The Two Character Play Review

Hampstead Theatre, London – until 28 August 2021

Reviewed by Alun Hood

4****

It’s not absolutely essential to carry out some background reading about tortured genius Tennessee Williams before exposing yourself to this late-career play, revived at the very theatre where it had it’s world premiere in 1967… but it would probably help. At times grim, at others downright rollicking, The Two Character Play was regarded with great affection by the author himself, who claimed it was his most beautiful work after A Streetcar Named Desire but also noted that he was hurtling towards mental breakdown during the decade it took him to write it.

Set in an unspecified theatre as a brother-and-sister acting team struggle to mount a performance of an unnamed script (a doomy Southern Gothic affair that’s almost a parody of Williams’s own work at it’s most overwrought) on an unfinished set, with no props or costumes, deserted by the rest of the cast, technical crew and, increasingly, their own sanity, the atmosphere is of creeping unease, suddenly shot through with flashes of blind panic. It’s not an easy play to grasp; the tone is wildly uneven, the Beckett-like inertia sitting strangely alongside the languid, poetic misery of vintage Williams and more strangely still alongside the Noël Coward-esque theatrical bitchery  the siblings descend into during lighter moments, and the plot of the play-within-a-play bleeds in and out of the actor’s real lives to bewildering effect.

And yet, despite all that, The Two Character Play proves oddly compelling and haunting, like a theatrical fever-dream that never fully wakes up. It may be too strange and just plain hard work for some theatregoers, but it is impossible to write off.

Director Sam Yates has thrown everything bar the kitchen sink at it in technical terms, from Lee Curran’s evocative lighting, Daniel Balfour’s threatening sound design, to ingenious, occasionally terrifying video work by Akhila Krishnan and an inspiredly jumbled set by Rosanna Vyze that renders the  Hampstead stage simultaneously cavernous and claustrophobic, and the overall effect is pretty astonishing. This is an intensely theatrical experience right up to the almost apocalyptic conclusion where we glimpse just how desperate and lost the central characters actually are.

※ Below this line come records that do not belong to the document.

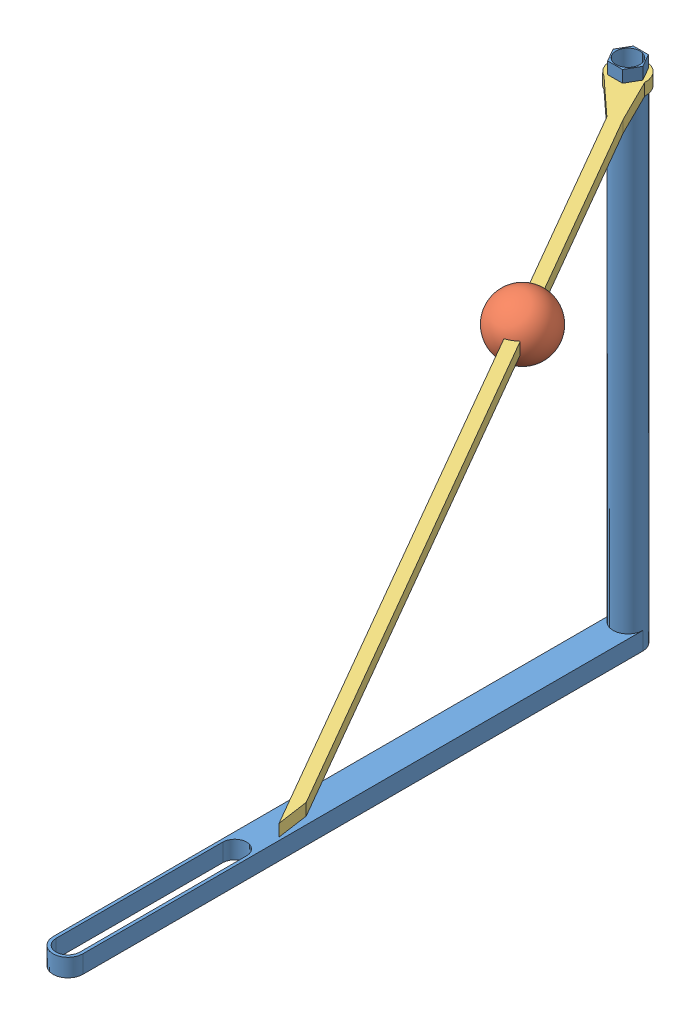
SolidWorks assembly Pointer Assembly Sun.SLDASM, configuration Default (file format 6000). Lengths in mm.
Overall size (43.35 43.5 72.08).
3 component instances, 3 part files, 7 mates.
Components (placement in the parent):
- Rod Sun-1: Rod Sun.SLDPRT [Default] at (-30.7178 -41.4472 6.431) size (2.5 42.5 49.5)
- Orb Sun-1: Orb Sun.SLDPRT [Default] at (-17.2644 -0.4472 28.733) x (-0.866025 0 0.5) z (0.5 0 0.866025) size (5 5 4.9)
- Pointer Sun-1: Pointer Sun.SLDPRT [Default] at (-30.7178 -0.9472 6.431) x (0.5 0 0.866025) z (-0.866025 0 0.5) size (81.5 1 3)
Mates (geometry in assembly coordinates):
- Coincident1: coincident anti-aligned: plane of Rod Sun-1 through (-30.7178 -0.9472 6.431) normal (0 1 0); plane of Pointer Sun-1 through (-30.7178 -0.9472 6.431) normal (0 -1 0)
- Concentric1: concentric aligned: cylinder of Rod Sun-1 through (-30.7178 1.0528 6.431) axis (0 -1 0) radius 1.25; cylinder of Pointer Sun-1 through (-30.7178 0.0528 6.431) axis (0 -1 0) radius 1.5
- Concentric2: concentric aligned: cylinder of Rod Sun-1 through (-30.7178 1.0528 6.431) axis (0 -1 0) radius 1.25; cylinder of Pointer Sun-1 through (-30.7178 0.0528 6.431) axis (0 -1 0) radius 1.5
- Coincident2: coincident anti-aligned: plane of Rod Sun-1 through (-29.7803 -0.9472 5.8898) normal (0.866025 0 -0.5); plane of Pointer Sun-1 through (-29.4678 0.0528 6.431) normal (-0.866025 0 0.5)
- Coincident3: coincident anti-aligned: plane of Orb Sun-1 through (-18.0819 0.0528 26.3171) normal (0 -1 0); plane of Pointer Sun-1 through (-30.7178 0.0528 6.431) normal (0 1 0)
- Coincident4: coincident anti-aligned: plane of Orb Sun-1 through (-18.9479 0.0528 26.8171) normal (0.866025 0 -0.5); plane of Pointer Sun-1 through (-28.3032 0.0528 10.6132) normal (-0.866025 0 0.5)
- Coincident5: coincident: point of Orb Sun-1; point of Pointer Sun-1
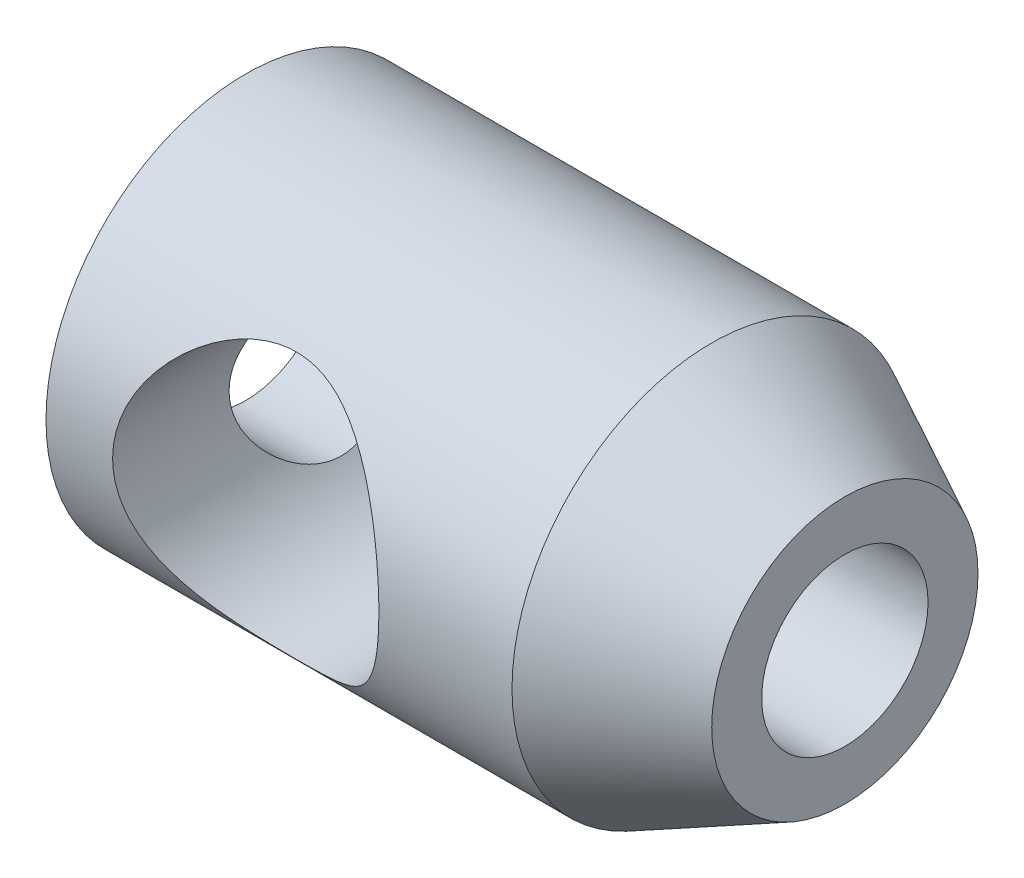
ISO-10303-21;
HEADER;
FILE_DESCRIPTION(('STEP AP214'),'2;1');
FILE_NAME('part.step','',(''),(''),'','','');
FILE_SCHEMA(('AUTOMOTIVE_DESIGN { 1 0 10303 214 1 1 1 1 }'));
ENDSEC;
DATA;
#1=APPLICATION_CONTEXT('core data for automotive mechanical design processes');
#2=APPLICATION_PROTOCOL_DEFINITION('international standard','automotive_design',2000,#1);
#3=PRODUCT_CONTEXT('',#1,'mechanical');
#4=PRODUCT('Part','Part','',(#3));
#5=PRODUCT_RELATED_PRODUCT_CATEGORY('part','',(#4));
#6=PRODUCT_DEFINITION_FORMATION('','',#4);
#7=PRODUCT_DEFINITION_CONTEXT('part definition',#1,'design');
#8=PRODUCT_DEFINITION('design','',#6,#7);
#9=PRODUCT_DEFINITION_SHAPE('','',#8);
#10=(LENGTH_UNIT() NAMED_UNIT(*) SI_UNIT(.MILLI.,.METRE.));
#11=(NAMED_UNIT(*) PLANE_ANGLE_UNIT() SI_UNIT($,.RADIAN.));
#12=(NAMED_UNIT(*) SI_UNIT($,.STERADIAN.) SOLID_ANGLE_UNIT());
#13=UNCERTAINTY_MEASURE_WITH_UNIT(LENGTH_MEASURE(1.E-05),#10,'distance_accuracy_value','');
#14=(GEOMETRIC_REPRESENTATION_CONTEXT(3) GLOBAL_UNCERTAINTY_ASSIGNED_CONTEXT((#13)) GLOBAL_UNIT_ASSIGNED_CONTEXT((#10,
#11,#12)) REPRESENTATION_CONTEXT('',''));
#15=CARTESIAN_POINT('',(0.,0.,0.));
#16=DIRECTION('',(0.,0.,1.));
#17=DIRECTION('',(1.,0.,0.));
#18=AXIS2_PLACEMENT_3D('',#15,#16,#17);
#19=CARTESIAN_POINT('',(18.,0.,0.));
#20=DIRECTION('',(1.,0.,0.));
#21=DIRECTION('',(0.,0.,-1.));
#22=AXIS2_PLACEMENT_3D('',#19,#20,#21);
#23=CYLINDRICAL_SURFACE('',#22,2.49999999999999);
#24=CARTESIAN_POINT('',(2.,0.,-2.49999999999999));
#25=CARTESIAN_POINT('',(2.00000958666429,0.12701747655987,-2.49998952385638));
#26=CARTESIAN_POINT('',(2.0061139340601,0.254191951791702,-2.49025350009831));
#27=CARTESIAN_POINT('',(2.02995624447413,0.504637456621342,-2.45182887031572));
#28=CARTESIAN_POINT('',(2.04771638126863,0.627900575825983,-2.42310413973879));
#29=CARTESIAN_POINT('',(2.09308304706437,0.866410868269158,-2.34837714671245));
#30=CARTESIAN_POINT('',(2.12064081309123,0.981694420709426,-2.30246039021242));
#31=CARTESIAN_POINT('',(2.18330800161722,1.20252080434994,-2.19522833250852));
#32=CARTESIAN_POINT('',(2.2184165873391,1.30806471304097,-2.13391473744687));
#33=CARTESIAN_POINT('',(2.29659695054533,1.51594836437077,-1.9922268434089));
#34=CARTESIAN_POINT('',(2.34008075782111,1.6173591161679,-1.91072139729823));
#35=CARTESIAN_POINT('',(2.42937299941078,1.80597275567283,-1.73356165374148));
#36=CARTESIAN_POINT('',(2.47518450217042,1.89315621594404,-1.63788834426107));
#37=CARTESIAN_POINT('',(2.57139162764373,2.0628574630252,-1.41993221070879));
#38=CARTESIAN_POINT('',(2.62156778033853,2.14314412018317,-1.29580042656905));
#39=CARTESIAN_POINT('',(2.71339603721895,2.28147932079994,-1.03287036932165));
#40=CARTESIAN_POINT('',(2.75506247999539,2.33956541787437,-0.894097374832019));
#41=CARTESIAN_POINT('',(2.81380848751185,2.41866801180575,-0.642378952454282));
#42=CARTESIAN_POINT('',(2.83446188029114,2.44539104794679,-0.532066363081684));
#43=CARTESIAN_POINT('',(2.8643728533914,2.4836368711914,-0.307388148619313));
#44=CARTESIAN_POINT('',(2.87364652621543,2.49518112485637,-0.193028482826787));
#45=CARTESIAN_POINT('',(2.87940228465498,2.50237836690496,0.0368260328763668));
#46=CARTESIAN_POINT('',(2.87585082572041,2.49798968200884,0.15232307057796));
#47=CARTESIAN_POINT('',(2.85645195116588,2.47352633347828,0.380620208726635));
#48=CARTESIAN_POINT('',(2.8405946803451,2.45343909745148,0.493418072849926));
#49=CARTESIAN_POINT('',(2.79934854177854,2.39936209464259,0.710876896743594));
#50=CARTESIAN_POINT('',(2.77418571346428,2.36570043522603,0.815664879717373));
#51=CARTESIAN_POINT('',(2.71708865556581,2.28580369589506,1.01832239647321));
#52=CARTESIAN_POINT('',(2.68515203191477,2.23956416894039,1.11618946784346));
#53=CARTESIAN_POINT('',(2.61090374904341,2.1258983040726,1.32166640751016));
#54=CARTESIAN_POINT('',(2.56776844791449,2.05612773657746,1.42768105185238));
#55=CARTESIAN_POINT('',(2.47988548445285,1.90176111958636,1.6276611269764));
#56=CARTESIAN_POINT('',(2.43513620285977,1.8171498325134,1.72161400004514));
#57=CARTESIAN_POINT('',(2.34040332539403,1.61904732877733,1.91060100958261));
#58=CARTESIAN_POINT('',(2.29077428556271,1.50309447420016,2.0032559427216));
#59=CARTESIAN_POINT('',(2.1994339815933,1.25426444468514,2.16771179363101));
#60=CARTESIAN_POINT('',(2.15771960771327,1.12139395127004,2.23952090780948));
#61=CARTESIAN_POINT('',(2.10564024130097,0.915775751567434,2.32734595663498));
#62=CARTESIAN_POINT('',(2.09033125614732,0.848193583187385,2.35283428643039));
#63=CARTESIAN_POINT('',(2.06298160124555,0.710492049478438,2.39800765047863));
#64=CARTESIAN_POINT('',(2.05093904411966,0.640374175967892,2.41769603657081));
#65=CARTESIAN_POINT('',(2.03050300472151,0.498239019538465,2.45093416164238));
#66=CARTESIAN_POINT('',(2.02210625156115,0.426223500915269,2.46448940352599));
#67=CARTESIAN_POINT('',(2.00921233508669,0.280965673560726,2.48524629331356));
#68=CARTESIAN_POINT('',(2.00471450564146,0.207723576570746,2.4924490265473));
#69=CARTESIAN_POINT('',(1.99806226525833,0.00911917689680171,2.50310930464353));
#70=CARTESIAN_POINT('',(1.999761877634,-0.116782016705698,2.50040036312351));
#71=CARTESIAN_POINT('',(2.01481686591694,-0.365967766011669,2.47624033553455));
#72=CARTESIAN_POINT('',(2.02817144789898,-0.489252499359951,2.45479052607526));
#73=CARTESIAN_POINT('',(2.06452024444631,-0.725036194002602,2.39552141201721));
#74=CARTESIAN_POINT('',(2.08711693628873,-0.837768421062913,2.3583752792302));
#75=CARTESIAN_POINT('',(2.14008597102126,-1.05527816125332,2.26940762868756));
#76=CARTESIAN_POINT('',(2.17045961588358,-1.16005433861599,2.21758365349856));
#77=CARTESIAN_POINT('',(2.24019985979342,-1.37016761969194,2.09496946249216));
#78=CARTESIAN_POINT('',(2.28016473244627,-1.47449380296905,2.02279282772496));
#79=CARTESIAN_POINT('',(2.36386057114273,-1.67028541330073,1.8644123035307));
#80=CARTESIAN_POINT('',(2.40759569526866,-1.76173634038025,1.7781928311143));
#81=CARTESIAN_POINT('',(2.50188261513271,-1.94294835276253,1.57972991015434));
#82=CARTESIAN_POINT('',(2.55250233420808,-2.03053702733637,1.46552558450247));
#83=CARTESIAN_POINT('',(2.64866474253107,-2.18560704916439,1.22224843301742));
#84=CARTESIAN_POINT('',(2.6942109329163,-2.25310231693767,1.09318598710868));
#85=CARTESIAN_POINT('',(2.7653293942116,-2.35369543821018,0.850615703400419));
#86=CARTESIAN_POINT('',(2.79308727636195,-2.39103791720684,0.739518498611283));
#87=CARTESIAN_POINT('',(2.83789938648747,-2.45000216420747,0.511213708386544));
#88=CARTESIAN_POINT('',(2.85497033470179,-2.47164849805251,0.394015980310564));
#89=CARTESIAN_POINT('',(2.87587350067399,-2.49802767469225,0.155819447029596));
#90=CARTESIAN_POINT('',(2.87962996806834,-2.50266374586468,0.034802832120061));
#91=CARTESIAN_POINT('',(2.8730187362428,-2.49439556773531,-0.206261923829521));
#92=CARTESIAN_POINT('',(2.8626463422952,-2.48148548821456,-0.326309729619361));
#93=CARTESIAN_POINT('',(2.8308922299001,-2.44076547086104,-0.552059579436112));
#94=CARTESIAN_POINT('',(2.81046385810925,-2.4142384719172,-0.658138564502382));
#95=CARTESIAN_POINT('',(2.76164937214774,-2.34835238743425,-0.864270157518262));
#96=CARTESIAN_POINT('',(2.7332599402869,-2.30898795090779,-0.964320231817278));
#97=CARTESIAN_POINT('',(2.66672202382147,-2.21205415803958,-1.17119332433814));
#98=CARTESIAN_POINT('',(2.6277557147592,-2.15267427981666,-1.27689994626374));
#99=CARTESIAN_POINT('',(2.54664554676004,-2.01999894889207,-1.47787738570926));
#100=CARTESIAN_POINT('',(2.50449913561,-1.94669224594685,-1.57313966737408));
#101=CARTESIAN_POINT('',(2.41196324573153,-1.7713466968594,-1.77002558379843));
#102=CARTESIAN_POINT('',(2.36159511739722,-1.66649284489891,-1.86916976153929));
#103=CARTESIAN_POINT('',(2.26601946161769,-1.43961937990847,-2.04900159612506));
#104=CARTESIAN_POINT('',(2.22081513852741,-1.31758921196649,-2.12967782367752));
#105=CARTESIAN_POINT('',(2.16040785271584,-1.1234635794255,-2.23456343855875));
#106=CARTESIAN_POINT('',(2.14148165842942,-1.05679601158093,-2.26687480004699));
#107=CARTESIAN_POINT('',(2.10664834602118,-0.92019958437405,-2.32567225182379));
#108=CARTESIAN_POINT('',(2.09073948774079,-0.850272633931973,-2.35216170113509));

Far from being overwhelmed by such thrilling, all-encompassing theatricality, actors Kate O’Flynn and Zubin Varla deliver vivid masterclasses in gallows humour and lightning fast transformation between characters, and succeed in building a complex, utterly convincing relationship, rich in mutual loathing and adoration (but mainly loathing!), between these flailing yet self-regarding thespian siblings. Varla gives Felice a sweaty desperation shading into bitter resignation that becomes really moving. O’Flynn delivers her theatrical asides like a young Maggie Smith, and impressively contrasts the gamine-like vitality of the character Clare performs in the ‘Play’ with the dead-eyed despair of Clare herself. Both actors acquit themselves magnificently.

It may seem like an obvious thing to say, but this is the sort of experience you can only have in a theatre. Yes it’s wilfully obscure at times (thanks, Tennessee!) but it also has a boldness and immediacy that would be impossible to replicate in any other medium. The Two Character Play will seldom, if ever, be spoken of in the same breath as, say, The Glass Menagerie or Cat On A Hot Tin Roof – it’s too unwieldy, too esoteric – but Yates and his cracking team make the most persuasive case imaginable for it here.